La mayor planta de producción de discos de PlayStation ya comenzó a prepararse para el futuro digital de la marca. Ubicada en Thalgau, Austria, esta instalación fabrica actualmente alrededor de 600.000 discos al día, pero su actividad cambiará drásticamente tras la decisión de Sony de poner fin a los lanzamientos físicos de juegos de PlayStation a partir de enero de 2028.
Un reportaje del medio austríaco ORF.at visitó la planta para conocer cómo afectará esta transición a sus operaciones y a sus trabajadores. La principal preocupación era determinar si el abandono de los discos físicos supondría despidos masivos para los empleados dedicados a la fabricación de medios ópticos.
Según Dietmar Tanzer, director ejecutivo de Sony DADC, la producción relacionada con PlayStation representa actualmente cerca del 50% del volumen total de la planta, aunque solo un 20% corresponde a nuevos pedidos. De cara a 2028, la compañía estima que ese volumen caerá hasta aproximadamente un 10%, reflejando el fuerte impacto que tendrá el cambio hacia el formato digital.

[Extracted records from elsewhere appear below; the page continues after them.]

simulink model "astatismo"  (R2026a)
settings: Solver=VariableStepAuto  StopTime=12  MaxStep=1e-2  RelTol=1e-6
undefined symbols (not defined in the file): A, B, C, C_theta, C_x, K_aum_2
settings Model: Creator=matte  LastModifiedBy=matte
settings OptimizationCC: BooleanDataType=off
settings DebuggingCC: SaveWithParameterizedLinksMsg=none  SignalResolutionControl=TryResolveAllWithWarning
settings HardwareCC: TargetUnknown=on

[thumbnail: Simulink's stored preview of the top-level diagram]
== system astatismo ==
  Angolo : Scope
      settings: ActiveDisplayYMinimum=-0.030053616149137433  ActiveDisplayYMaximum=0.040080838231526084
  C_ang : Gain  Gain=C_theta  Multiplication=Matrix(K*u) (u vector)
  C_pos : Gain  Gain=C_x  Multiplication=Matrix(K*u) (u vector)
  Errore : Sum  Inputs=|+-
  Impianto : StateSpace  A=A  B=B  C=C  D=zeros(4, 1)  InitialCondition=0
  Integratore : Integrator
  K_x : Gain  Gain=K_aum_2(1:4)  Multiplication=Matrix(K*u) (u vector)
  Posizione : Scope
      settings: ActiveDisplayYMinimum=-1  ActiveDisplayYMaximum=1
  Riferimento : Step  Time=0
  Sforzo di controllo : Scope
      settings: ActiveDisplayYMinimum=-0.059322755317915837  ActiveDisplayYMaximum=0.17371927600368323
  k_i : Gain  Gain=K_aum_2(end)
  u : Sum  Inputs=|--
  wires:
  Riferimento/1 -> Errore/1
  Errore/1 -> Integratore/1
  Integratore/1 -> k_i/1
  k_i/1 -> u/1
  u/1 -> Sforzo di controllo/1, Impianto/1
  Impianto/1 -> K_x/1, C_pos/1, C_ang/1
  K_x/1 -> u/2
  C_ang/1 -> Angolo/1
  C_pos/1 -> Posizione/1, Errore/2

Como consecuencia de esta decisión, los 300 trabajadores de la planta fueron informados de que la instalación iniciará un proceso de reestructuración. Sin embargo, Tanzer aseguró que no existen planes de realizar despidos, ya que la empresa lleva tiempo preparándose para esta transformación.
De hecho, Sony ya había anticipado este escenario y ha invertido alrededor de 30 millones de euros en nueva maquinaria destinada a fabricar microlentes ópticas, un negocio completamente distinto al de la producción de discos y que será el nuevo eje de la planta.

El responsable de la división Micro Optics, Markus Streibl, explicó que esta tecnología consiste en la miniaturización de sistemas ópticos para dirigir y enfocar la luz en espacios muy reducidos. Entre sus posibles aplicaciones se encuentran soluciones para la industria automotriz, como intermitentes capaces de proyectar señales luminosas sobre el asfalto, además de otros desarrollos tecnológicos.
Como parte de esta transición, los empleados ya comenzaron a ser reasignados desde las líneas de producción de discos hacia la nueva división de Micro Optics, donde actualmente están probando la maquinaria instalada. Sony tiene previsto ofrecerles un amplio programa de capacitación antes de iniciar la producción masiva de microlentes durante el próximo año.
Este movimiento también supone un duro golpe para quienes esperan que Sony revierta su decisión sobre los juegos físicos. Iniciativas como Don’t Kill the Disc, que ya supera las 30.000 firmas, buscan presionar a la compañía para mantener el formato físico. Sin embargo, la inversión multimillonaria y la reconversión de la mayor planta de discos de PlayStation dejan entrever que un cambio de rumbo resulta cada vez más improbable.